(Exercise data Opens)
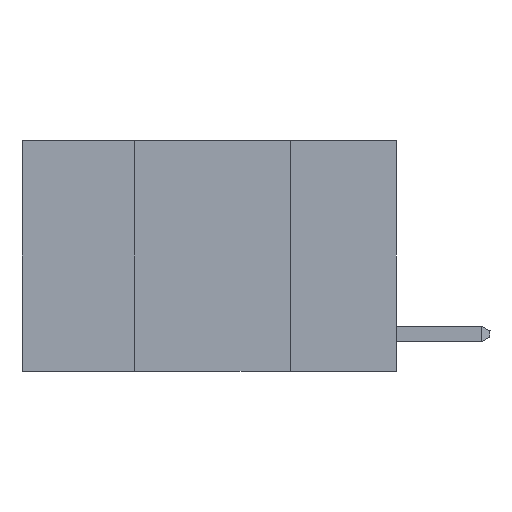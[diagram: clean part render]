
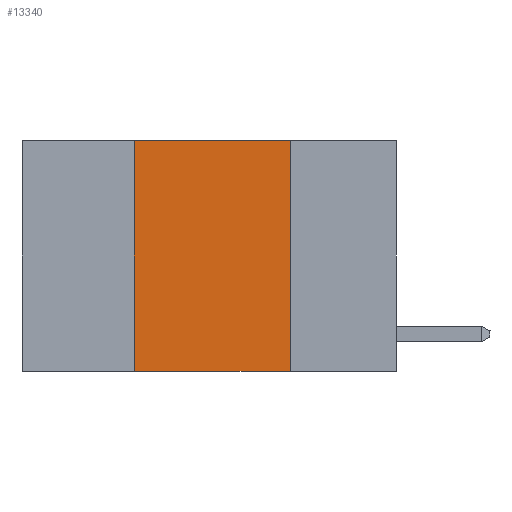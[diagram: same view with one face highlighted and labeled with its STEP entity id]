
A CAD part, left-side view. The second image highlights one B-rep face of the part: STEP entity #13340.
In plain terms, the highlighted planar face has unit normal (-1, 0, 0).
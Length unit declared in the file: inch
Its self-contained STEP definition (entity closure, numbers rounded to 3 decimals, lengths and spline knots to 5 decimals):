
#36 = DIRECTION ( 'NONE',  ( 0., -1., 0. ) ) ;
#970 = EDGE_CURVE ( 'NONE', #9178, #13717, #9839, .T. ) ;
#1294 = VERTEX_POINT ( 'NONE', #14697 ) ;
#2353 = ORIENTED_EDGE ( 'NONE', *, *, #5533, .F. ) ;
#3614 = VECTOR ( 'NONE', #36, 39.37008 ) ;
#3980 = VECTOR ( 'NONE', #14433, 39.37008 ) ;
#4846 = AXIS2_PLACEMENT_3D ( 'NONE', #16590, #19564, #6936 ) ;
#5307 = PLANE ( 'NONE',  #4846 ) ;
#5533 = EDGE_CURVE ( 'NONE', #12806, #9178, #7271, .T. ) ;
#6019 = ORIENTED_EDGE ( 'NONE', *, *, #19326, .F. ) ;
#6936 = DIRECTION ( 'NONE',  ( 0., 0., -1. ) ) ;
#7180 = CARTESIAN_POINT ( 'NONE',  ( 0., 0.6, 0. ) ) ;
#7271 = LINE ( 'NONE', #19435, #3980 ) ;
#8735 = FACE_OUTER_BOUND ( 'NONE', #16406, .T. ) ;
#8837 = DIRECTION ( 'NONE',  ( 0., -1., 0. ) ) ;
#9178 = VERTEX_POINT ( 'NONE', #11370 ) ;
#9364 = CARTESIAN_POINT ( 'NONE',  ( 0., 0.6, -0.37 ) ) ;
#9707 = VECTOR ( 'NONE', #18661, 39.37008 ) ;
#9781 = CARTESIAN_POINT ( 'NONE',  ( 0., 0.17, 0. ) ) ;
#9839 = LINE ( 'NONE', #7180, #17829 ) ;
#9998 = CARTESIAN_POINT ( 'NONE',  ( 0., 0.17, 0. ) ) ;
#11370 = CARTESIAN_POINT ( 'NONE',  ( 0., 0.42, 0. ) ) ;
#12806 = VERTEX_POINT ( 'NONE', #15641 ) ;
#13340 = ADVANCED_FACE ( 'NONE', ( #8735 ), #5307, .F. ) ;
#13495 = LINE ( 'NONE', #9364, #3614 ) ;
#13717 = VERTEX_POINT ( 'NONE', #9998 ) ;
#14175 = ORIENTED_EDGE ( 'NONE', *, *, #18818, .T. ) ;
#14240 = LINE ( 'NONE', #9781, #9707 ) ;
#14433 = DIRECTION ( 'NONE',  ( 0., 0., 1. ) ) ;
#14697 = CARTESIAN_POINT ( 'NONE',  ( 0., 0.17, -0.37 ) ) ;
#15641 = CARTESIAN_POINT ( 'NONE',  ( 0., 0.42, -0.37 ) ) ;
#15824 = ORIENTED_EDGE ( 'NONE', *, *, #970, .F. ) ;
#16406 = EDGE_LOOP ( 'NONE', ( #6019, #15824, #2353, #14175 ) ) ;
#16590 = CARTESIAN_POINT ( 'NONE',  ( 0., 0.6, 0. ) ) ;
#17829 = VECTOR ( 'NONE', #8837, 39.37008 ) ;
#18661 = DIRECTION ( 'NONE',  ( 0., 0., -1. ) ) ;
#18818 = EDGE_CURVE ( 'NONE', #12806, #1294, #13495, .T. ) ;
#19326 = EDGE_CURVE ( 'NONE', #13717, #1294, #14240, .T. ) ;
#19435 = CARTESIAN_POINT ( 'NONE',  ( 0., 0.42, 0. ) ) ;
#19564 = DIRECTION ( 'NONE',  ( 1., 0., 0. ) ) ;
(Exercise data Closes)
The task:
After locating the line with "#9707 = VECTOR ( 'NONE', #18661, 39.37008 ) ;" above, return that line and every later line through the one with "#15824 = ORIENTED_EDGE", word for word and with nothing else.

Expected answer:
#9707 = VECTOR ( 'NONE', #18661, 39.37008 ) ;
#9781 = CARTESIAN_POINT ( 'NONE',  ( 0., 0.17, 0. ) ) ;
#9839 = LINE ( 'NONE', #7180, #17829 ) ;
#9998 = CARTESIAN_POINT ( 'NONE',  ( 0., 0.17, 0. ) ) ;
#11370 = CARTESIAN_POINT ( 'NONE',  ( 0., 0.42, 0. ) ) ;
#12806 = VERTEX_POINT ( 'NONE', #15641 ) ;
#13340 = ADVANCED_FACE ( 'NONE', ( #8735 ), #5307, .F. ) ;
#13495 = LINE ( 'NONE', #9364, #3614 ) ;
#13717 = VERTEX_POINT ( 'NONE', #9998 ) ;
#14175 = ORIENTED_EDGE ( 'NONE', *, *, #18818, .T. ) ;
#14240 = LINE ( 'NONE', #9781, #9707 ) ;
#14433 = DIRECTION ( 'NONE',  ( 0., 0., 1. ) ) ;
#14697 = CARTESIAN_POINT ( 'NONE',  ( 0., 0.17, -0.37 ) ) ;
#15641 = CARTESIAN_POINT ( 'NONE',  ( 0., 0.42, -0.37 ) ) ;
#15824 = ORIENTED_EDGE ( 'NONE', *, *, #970, .F. ) ;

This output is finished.